Why do you think so?
-What does the telegram say? What is Henry going to do
now?
VOCABULARY
soot, spangle, pap, clutched, marigold, wreath, utter,
curb, training college, nests, loathsome, winding up, raked out, caretakers, heather,
jonquils, Bags I
A Cup of Tea, by Katherine Mansfield
The story was written in January 1922 in the space of just 4–5 hours, and was published in a popular magazine, the “Story-Teller”, in May of the same year.
Rosemary was a wealthy woman, who had been married for
two years to a very rich man, Philip Fell, who adored his family. Though she
was not very pretty, she made up for it as she lived in extreme style and
fashion. She always enjoyed organizing parties for important people and artists.
She liked shopping in a perfect florist’s in Regent Street and also loved collecting
antiques.
One rainy winter afternoon, after leaving an antique
shop, Rosemary felt a bit upset, because she had not been able to buy an
exquisite little box. Suddenly a poor
young girl came up to her and asked for the price of a cup of tea. Rosemary
thought of doing something generous, like in the novels of Dostoevsky, and
invited her to her house. Rosemary wanted to show that those nice things that
happened in novels and fairy tales, about generous rich people, happened in real
life also. At the beginning, the girl didn’t believe Rosemary, even suspected
that the lady might hand her over to the police, but at last Rosemary took her
home.
When they arrived at Rosemary’s house, she took the
girl up to her bedroom and made her sit near the fire on a comfortable chair.
Rosemary even had to help her take off her coat and hat, because she was very
weak, but threw them on the floor. The poor girl cried and complained that life
was too hard and that she was so tired of living. Then Rosemary consoled her
and asked her servant to bring some food and tea.
When she was going to begin asking the girl about her
life, her husband Philip came in. He was astonished to see the girl in his
wife’s room, and he asked her to go to the library, where he tried to tell her that
she couldn’t have a stranger in the house. Facing a refusal, he used the old
jealousy trick and he praised the girl’s beauty. So Rosemary went out of the
library, took three pounds, gave them to the girl and sent her away.
Afterwards, Rosemary dressed up, put on some makeup and
tried to attract the attention of her husband. At the end, Rosemary didn’t know
if she was pretty enough for him, and she wasn’t sure if Philip loved her
either.
Some Reflections
Rosemary is also a prototype of jealousy and insecurity. When Philips praises the girl’s beauty, she forgets her good intentions and sends the girl away.
QUESTIONS
-The protagonist says “I hate lilac”. And the attendant “put the lilac out of sight”. So strong of the power of money?

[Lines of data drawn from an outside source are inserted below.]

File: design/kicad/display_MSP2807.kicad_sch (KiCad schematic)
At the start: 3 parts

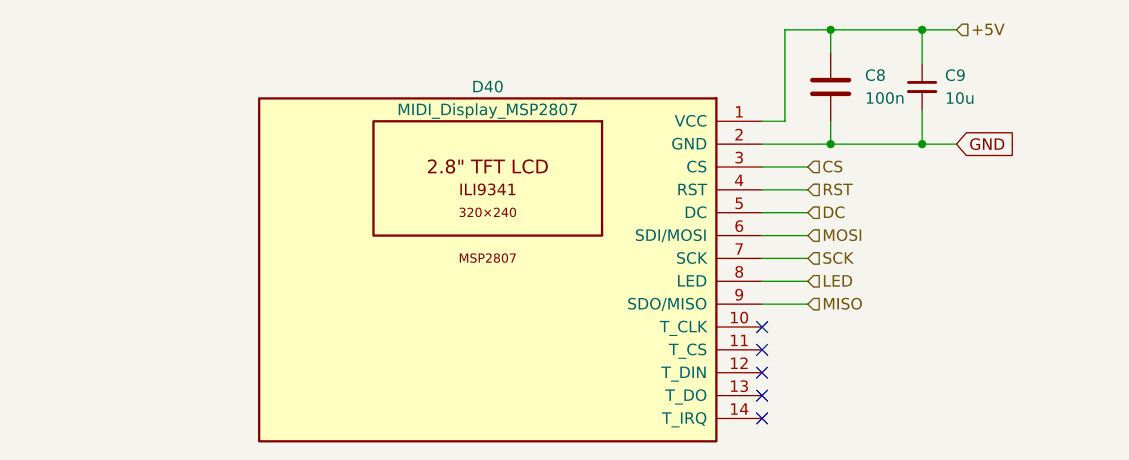
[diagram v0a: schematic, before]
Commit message: Fix reference labels and update wire connections in MIDI controller and multiplexer schematics
- Adjusted wire connection points in the MIDI controller schematic for better alignment.
- Updated label positions for various components in the MIDI controller schematic.
- Renamed reference designators for capacitors and power connections in the multiplexer schematic to maintain consistency.
- Corrected the reference designators for multiple components to reflect accurate labeling.
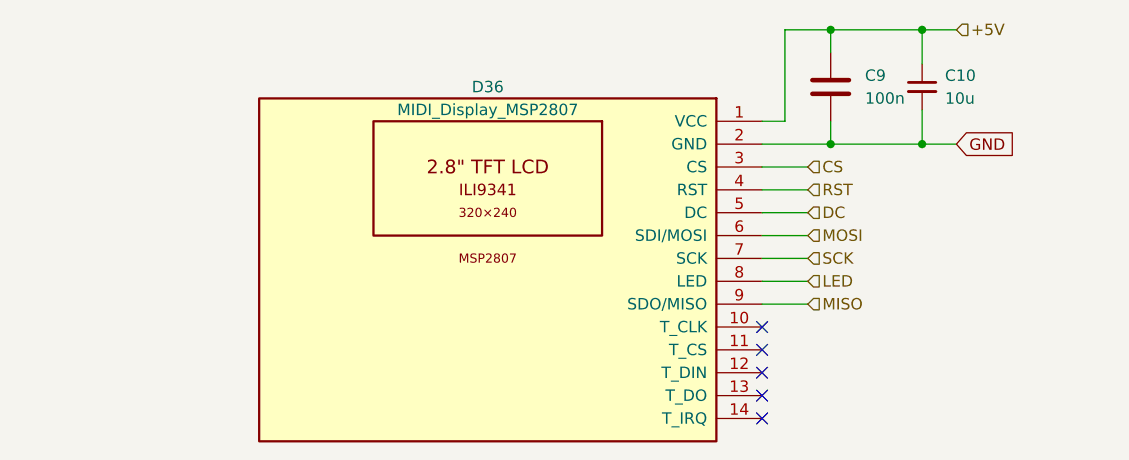
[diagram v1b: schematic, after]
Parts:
- renumbered C9 to C10, C8 to C9, D40 to D36
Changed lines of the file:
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@@
 		(dnp no)
 		(fields_autoplaced yes)
-		(property "Reference" "C9"
+		(property "Reference" "C10"
 			(at 172.72 67.3162 0)
 			(effects
@@
 			(project ""
 				(path "/9e44e663-00d0-4f33-bf1f-c4ad78deb554/b074c366-2f0b-4fcc-8b9f-7590ca8943b4"
-					(reference "C9")
+					(reference "C10")
 					(unit 1)
 				)
@@
 		(on_board yes)
 		(dnp no)
-		(property "Reference" "D40"
+		(property "Reference" "D36"
 			(at 121.92 68.58 0)
 			(effects
@@
 			(project "midi_controller"
 				(path "/9e44e663-00d0-4f33-bf1f-c4ad78deb554/b074c366-2f0b-4fcc-8b9f-7590ca8943b4"
-					(reference "D40")
+					(reference "D36")
 					(unit 1)
 				)
@@
 		(dnp no)
 		(fields_autoplaced yes)
-		(property "Reference" "C8"
+		(property "Reference" "C9"
 			(at 163.83 67.3099 0)
 			(effects
@@
 			(project "midi_controller"
 				(path "/9e44e663-00d0-4f33-bf1f-c4ad78deb554/b074c366-2f0b-4fcc-8b9f-7590ca8943b4"
-					(reference "C8")
+					(reference "C9")
 					(unit 1)
 				)

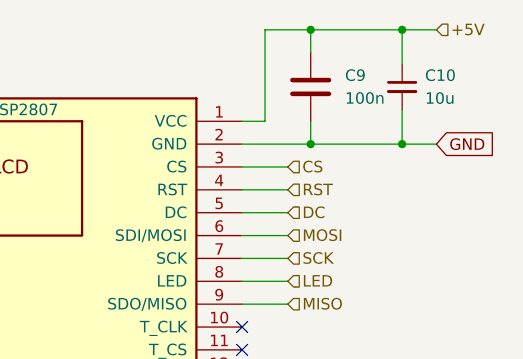
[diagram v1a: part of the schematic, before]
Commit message: Update capacitor references in multiplexer schematic
Changed capacitor references from C11 to C42 and C12 to C43 in the multiplexer_CD74HC4067M schematic. Updated instances accordingly to maintain consistency in the design.
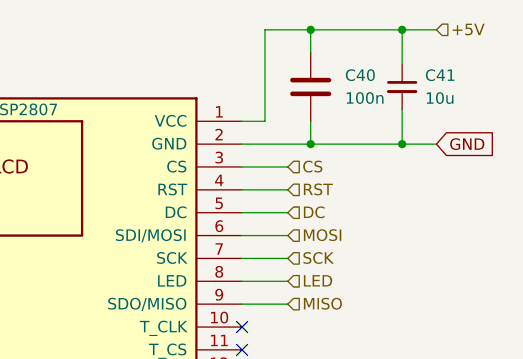
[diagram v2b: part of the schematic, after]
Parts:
- renumbered C9 to C40, C10 to C41
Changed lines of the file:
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@@
 		(dnp no)
 		(fields_autoplaced yes)
-		(property "Reference" "C10"
+		(property "Reference" "C41"
 			(at 172.72 67.3162 0)
 			(effects
@@
 			(project ""
 				(path "/9e44e663-00d0-4f33-bf1f-c4ad78deb554/b074c366-2f0b-4fcc-8b9f-7590ca8943b4"
-					(reference "C10")
+					(reference "C41")
 					(unit 1)
 				)
@@
 		(dnp no)
 		(fields_autoplaced yes)
-		(property "Reference" "C9"
+		(property "Reference" "C40"
 			(at 163.83 67.3099 0)
 			(effects
@@
 			(project "midi_controller"
 				(path "/9e44e663-00d0-4f33-bf1f-c4ad78deb554/b074c366-2f0b-4fcc-8b9f-7590ca8943b4"
-					(reference "C9")
+					(reference "C40")
 					(unit 1)
 				)

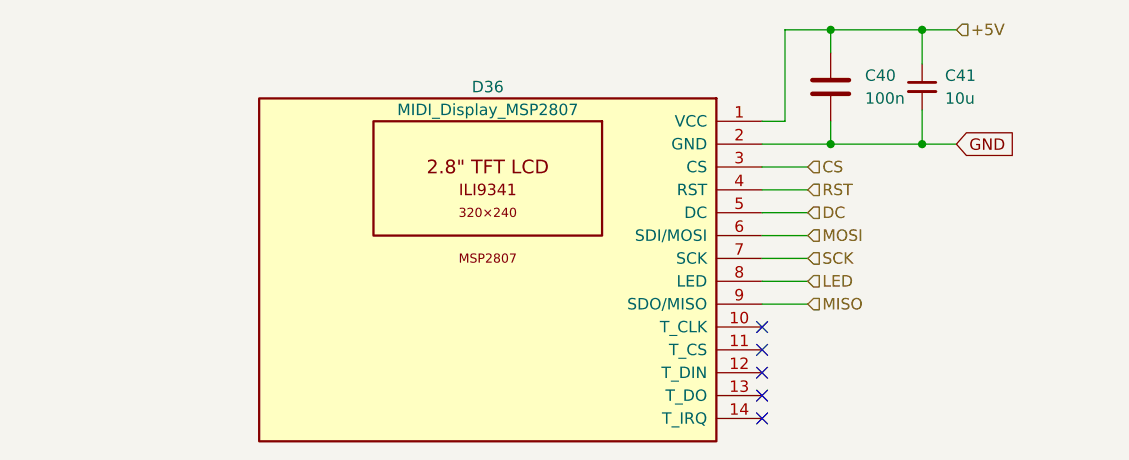
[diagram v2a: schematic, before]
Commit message: Update kicad binary files
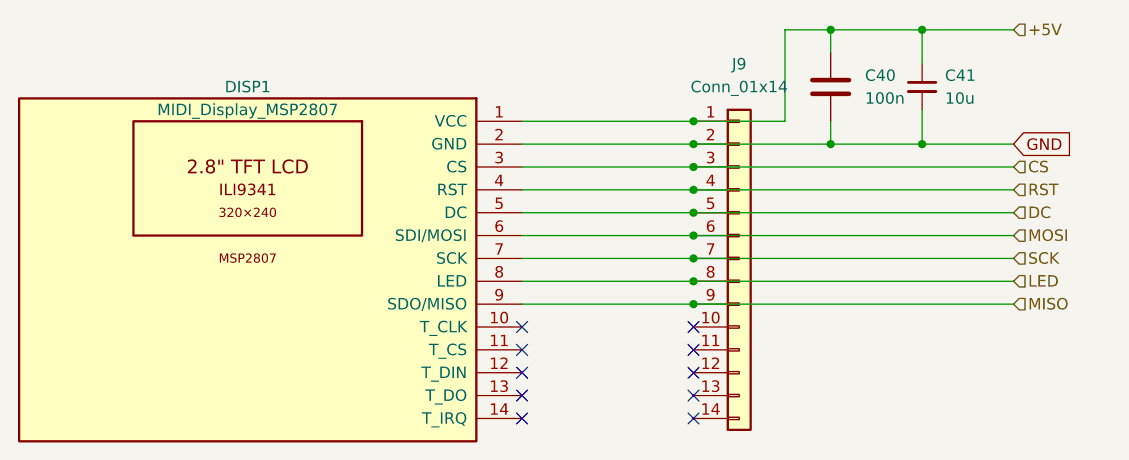
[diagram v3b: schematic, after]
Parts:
- added J9: Conn_01x14, Connector_PinSocket_2.54mm:PinSocket_1x14_P2.54mm_Vertical, symbol Connector_Generic:Conn_01x14
- renumbered D36 to DISP1
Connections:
- net +5V: now also J9.1 (Pin_1)
- net CS: now also J9.3 (Pin_3)
- net DC: now also J9.5 (Pin_5)
- net GND: now also J9.2 (Pin_2)
- net LED: now also J9.8 (Pin_8)
- net MISO: now also J9.9 (Pin_9)
- net MOSI: now also J9.6 (Pin_6)
- net RST: now also J9.4 (Pin_4)
- net SCK: now also J9.7 (Pin_7)
- no-connect marks 5 -> 10
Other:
- moved on the sheet: DISP1

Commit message: Update kicad binary files
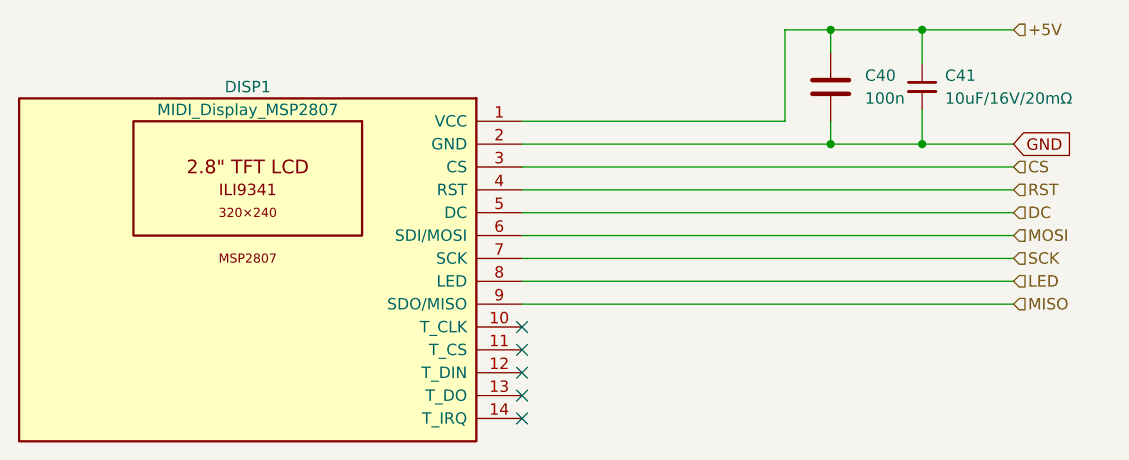
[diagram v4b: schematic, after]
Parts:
- removed J9: Conn_01x14, Connector_PinSocket_2.54mm:PinSocket_1x14_P2.54mm_Vertical, symbol Connector_Generic:Conn_01x14
- C41: footprint Capacitor_SMD:C_0805_2012Metric -> 4ms_Capacitor:C_0805; Display 10u -> 10uF/16V/20mΩ
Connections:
- no-connect marks 10 -> 5

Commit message: Update kicad binary files
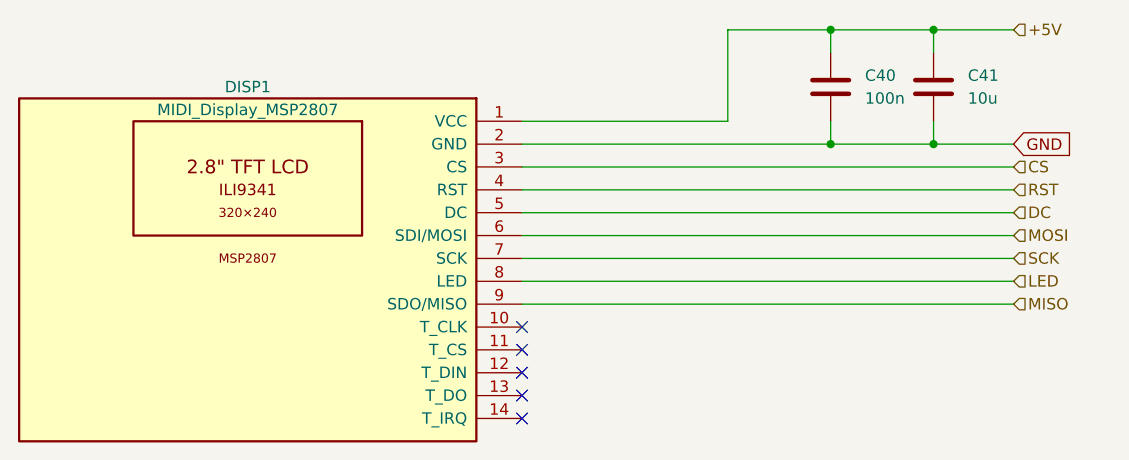
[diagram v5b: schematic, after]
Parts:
- C41: value 10uF_0805_16V_lowESR -> 10u; footprint 4ms_Capacitor:C_0805 -> Capacitor_SMD:C_0805_2012Metric; symbol PCM_4ms_Capacitor:10uF_0805_16V_lowESR -> Device:C; Display 10uF/16V/20mΩ -> (none); JLCPCB ID C190442 -> (none); Manufacturer Taiyo Yuden -> (none); Part Number EMK212ABJ106KG-T -> (none); Specifications 10uF, Min. 16V, ESR<=20mΩ@1MHz, 0805, MLCC -> (none)
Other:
- moved on the sheet: C41
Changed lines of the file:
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@@
 	(paper "A4")
+	(junction
+		(at 171.45 62.23)
+		(diameter 0)
+		(color 0 0 0 0)
+	)
 	(junction
 		(at 160.02 62.23)
@@
 	)
 	(junction
-		(at 170.18 62.23)
-		(diameter 0)
-		(color 0 0 0 0)
-	)
-	(junction
-		(at 170.18 74.93)
+		(at 171.45 74.93)
 		(diameter 0)
 		(color 0 0 0 0)
@@
 	(wire
 		(pts
-			(xy 160.02 74.93) (xy 170.18 74.93)
+			(xy 160.02 74.93) (xy 171.45 74.93)
+		)
+		(stroke
+			(width 0)
+			(type default)
+		)
+	)
+	(wire
+		(pts
+			(xy 171.45 62.23) (xy 180.34 62.23)
 		)
 		(stroke
@@
 	(wire
 		(pts
-			(xy 160.02 62.23) (xy 170.18 62.23)
-		)
-		(stroke
-			(width 0)
-			(type default)
-		)
-	)
-	(wire
-		(pts
 			(xy 125.73 82.55) (xy 180.34 82.55)
 		)
@@
 	(wire
 		(pts
+			(xy 171.45 74.93) (xy 180.34 74.93)
+		)
+		(stroke
+			(width 0)
+			(type default)
+		)
+	)
+	(wire
+		(pts
 			(xy 125.73 92.71) (xy 180.34 92.71)
 		)
@@
 	(wire
 		(pts
-			(xy 125.73 72.39) (xy 154.94 72.39)
-		)
-		(stroke
-			(width 0)
-			(type default)
-		)
-	)
-	(wire
-		(pts
-			(xy 170.18 62.23) (xy 170.18 66.04)
+			(xy 125.73 72.39) (xy 148.59 72.39)
 		)
 		(stroke
@@
 	(wire
 		(pts
-			(xy 170.18 74.93) (xy 180.34 74.93)
-		)
-		(stroke
-			(width 0)
-			(type default)
-		)
-	)
-	(wire
-		(pts
 			(xy 125.73 80.01) (xy 180.34 80.01)
 		)
@@
 	(wire
 		(pts
+			(xy 171.45 62.23) (xy 171.45 64.77)
+		)
+		(stroke
+			(width 0)
+			(type default)
+		)
+	)
+	(wire
+		(pts
 			(xy 160.02 72.39) (xy 160.02 74.93)
 		)
@@
 	(wire
 		(pts
-			(xy 170.18 62.23) (xy 180.34 62.23)
+			(xy 160.02 62.23) (xy 171.45 62.23)
 		)
 		(stroke
@@
 	(wire
 		(pts
-			(xy 154.94 62.23) (xy 160.02 62.23)
-		)
-		(stroke
-			(width 0)
-			(type default)
-		)
-	)
-	(wire
-		(pts
-			(xy 154.94 62.23) (xy 154.94 72.39)
-		)
-		(stroke
-			(width 0)
-			(type default)
-		)
-	)
-	(wire
-		(pts
-			(xy 170.18 71.12) (xy 170.18 74.93)
+			(xy 148.59 62.23) (xy 160.02 62.23)
+		)
+		(stroke
+			(width 0)
+			(type default)
+		)
+	)
+	(wire
+		(pts
+			(xy 171.45 72.39) (xy 171.45 74.93)
+		)
+		(stroke
+			(width 0)
+			(type default)
+		)
+	)
+	(wire
+		(pts
+			(xy 148.59 62.23) (xy 148.59 72.39)
 		)
 		(stroke
@@
 	)
 	(symbol
-		(lib_id "PCM_4ms_Capacitor:10uF_0805_16V_lowESR")
-		(at 170.18 68.58 0)
+		(lib_id "Device:C")
+		(at 171.45 68.58 0)
 		(unit 1)
 		(exclude_from_sim no)
@@
 		(fields_autoplaced yes)
 		(property "Reference" "C41"
-			(at 172.72 67.3162 0)
+			(at 175.26 67.3099 0)
 			(effects
 				(font
@@
 			)
 		)
-		(property "Value" "10uF_0805_16V_lowESR"
-			(at 170.18 64.77 0)
+		(property "Value" "10u"
+			(at 175.26 69.8499 0)
+			(effects
+				(font
+					(size 1.27 1.27)
+				)
+				(justify left)
+			)
+		)
+		(property "Footprint" "Capacitor_SMD:C_0805_2012Metric"
+			(at 172.4152 72.39 0)
 			(effects
 				(font
@@
 			)
 		)
-		(property "Footprint" "4ms_Capacitor:C_0805"
-			(at 167.64 73.66 0)
-			(effects
-				(font
-					(size 1.27 1.27)
-				)
-				(justify left)
+		(property "Datasheet" "~"
+			(at 171.45 68.58 0)
+			(effects
+				(font
+					(size 1.27 1.27)
+				)
 				(hide yes)
 			)
 		)
-		(property "Datasheet" ""
-			(at 170.18 68.58 0)
-			(effects
-				(font
-					(size 1.27 1.27)
-				)
-				(hide yes)
-			)
-		)
-		(property "Description" "10uF, Min. 16V, ESR<=20mΩ@1MHz, 0805, MLCC"
-			(at 170.18 68.58 0)
-			(effects
-				(font
-					(size 1.27 1.27)
-				)
-				(hide yes)
-			)
-		)
-		(property "Specifications" "10uF, Min. 16V, ESR<=20mΩ@1MHz, 0805, MLCC"
-			(at 167.64 76.454 0)
-			(effects
-				(font
-					(size 1.27 1.27)
-				)
-				(justify left)
-				(hide yes)
-			)
-		)
-		(property "Manufacturer" "Taiyo Yuden"
-			(at 167.64 77.978 0)
-			(effects
-				(font
-					(size 1.27 1.27)
-				)
-				(justify left)
-				(hide yes)
-			)
-		)
-		(property "Part Number" "EMK212ABJ106KG-T"
-			(at 167.64 79.502 0)
-			(effects
-				(font
-					(size 1.27 1.27)
-				)
-				(justify left)
-				(hide yes)
-			)
-		)
-		(property "Display" "10uF/16V/20mΩ"
-			(at 172.72 69.8562 0)
-			(effects
-				(font
-					(size 1.27 1.27)
-				)
-				(justify left)
-			)
-		)
-		(property "JLCPCB ID" "C190442"
-			(at 170.18 68.58 0)
-			(effects
-				(font
+		(property "Description" "Unpolarized capacitor"
+			(at 171.45 68.58 0)
+			(effects
+				(font

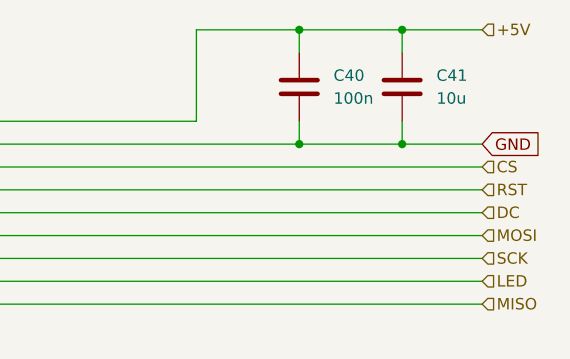
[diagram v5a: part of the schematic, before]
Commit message: Update kicad binary files
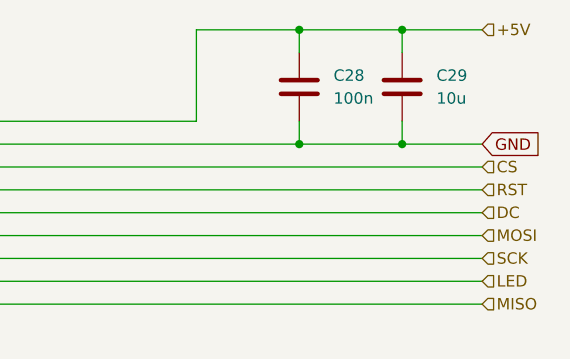
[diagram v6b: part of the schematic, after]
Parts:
- C28: renamed from C40; LCSC (none) -> C1711
- C29: renamed from C41; Display (none) -> 10u; JLCPCB ID (none) -> C1713; LCSC (none) -> C1713; Manufacturer (none) -> Taiyo Yuden; Part Number (none) -> EMK212ABJ106KG-T; Specifications (none) -> 10uF, Min. 16V, ESR<=20mΩ@1MHz, 0805, MLCC
- DISP1: now left out of the parts list
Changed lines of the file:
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@@
 		(dnp no)
 		(fields_autoplaced yes)
-		(property "Reference" "C41"
+		(property "Reference" "C29"
 			(at 175.26 67.3099 0)
 			(effects
@@
 		)
 		(property "Description" "Unpolarized capacitor"
+			(at 171.45 68.58 0)
+			(effects
+				(font
+					(size 1.27 1.27)
+				)
+				(hide yes)
+			)
+		)
+		(property "LCSC" "C1713"
+			(at 175.26 67.3099 0)
+			(effects
+				(font
+					(size 1.27 1.27)
+				)
+				(hide yes)
+			)
+		)
+		(property "Display" "10u"
+			(at 171.45 68.58 0)
+			(effects
+				(font
+					(size 1.27 1.27)
+				)
+				(hide yes)
+			)
+		)
+		(property "JLCPCB ID" "C1713"
+			(at 171.45 68.58 0)
+			(effects
+				(font
+					(size 1.27 1.27)
+				)
+				(hide yes)
+			)
+		)
+		(property "Manufacturer" "Taiyo Yuden"
+			(at 171.45 68.58 0)
+			(effects
+				(font
+					(size 1.27 1.27)
+				)
+				(hide yes)
+			)
+		)
+		(property "Part Number" "EMK212ABJ106KG-T"
+			(at 171.45 68.58 0)
+			(effects
+				(font
+					(size 1.27 1.27)
+				)
+				(hide yes)
+			)
+		)
+		(property "Specifications" "10uF, Min. 16V, ESR<=20mΩ@1MHz, 0805, MLCC"
 			(at 171.45 68.58 0)
 			(effects
@@
 			(project ""
 				(path "/9e44e663-00d0-4f33-bf1f-c4ad78deb554/b074c366-2f0b-4fcc-8b9f-7590ca8943b4"
-					(reference "C41")
+					(reference "C29")
 					(unit 1)
 				)
@@
 		(unit 1)
 		(exclude_from_sim no)
-		(in_bom yes)
+		(in_bom no)
 		(on_board yes)
 		(dnp no)
@@
 		(dnp no)
 		(fields_autoplaced yes)
-		(property "Reference" "C40"
+		(property "Reference" "C28"
 			(at 163.83 67.3099 0)
 			(effects
@@
 		(property "Description" "Unpolarized capacitor"
 			(at 160.02 68.58 0)
+			(effects
+				(font
+					(size 1.27 1.27)
+				)
+				(hide yes)
+			)
+		)
+		(property "LCSC" "C1711"
+			(at 163.83 67.3099 0)
 			(effects
 				(font
@@
 			(project "midi_controller"
 				(path "/9e44e663-00d0-4f33-bf1f-c4ad78deb554/b074c366-2f0b-4fcc-8b9f-7590ca8943b4"
-					(reference "C40")
+					(reference "C28")
 					(unit 1)
 				)

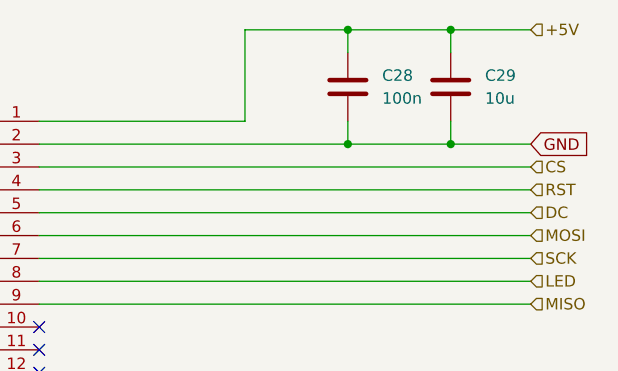
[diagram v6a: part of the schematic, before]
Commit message: Update kicad binary files
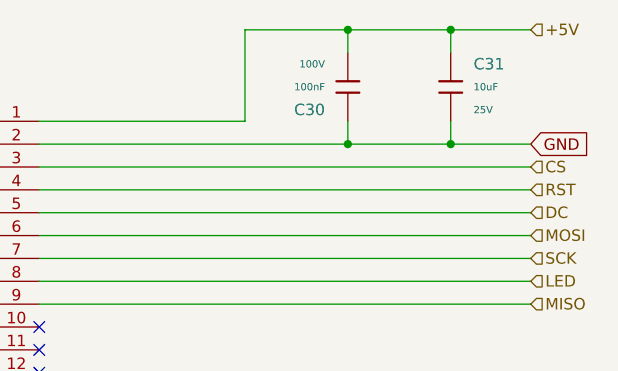
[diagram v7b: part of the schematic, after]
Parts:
- removed C28: 100n, Capacitor_SMD:C_0805_2012Metric, symbol Device:C
- removed C29: 10u, Capacitor_SMD:C_0805_2012Metric, symbol Device:C
- added C30: 100nF, PCM_JLCPCB:C_0805, symbol PCM_JLCPCB-Capacitors:0805,100nF
- added C31: 10uF, PCM_JLCPCB:C_0805, symbol PCM_JLCPCB-Capacitors:0805,10uF
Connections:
- net +5V: now also C30.2, C31.1
- net GND: now also C30.1, C31.2

Can you give some more curious examples?
-Remember the seller in the “antique shop”: can you give some tips as to how to be a very good shopkeeper?
-Why would / wouldn’t you buy second hand things?
-What do you think of philanthropy? Do you think it’s a way to help poor people, or you think it’s useless for the poor and hypocrisy for the donor?
-Are all the women sisters (in their fight for their rights)?
-Are rich people more natural than poor people? Do you think very rich people belong to another species? Is it easy to recognize them?
-“If people wanted helping, they must respond a little”. How true is this sentence? Must you always accept charity?
-Is being very formal a feature of rich people, like when Philip says “Oh, what’s happened? Previous engagement?”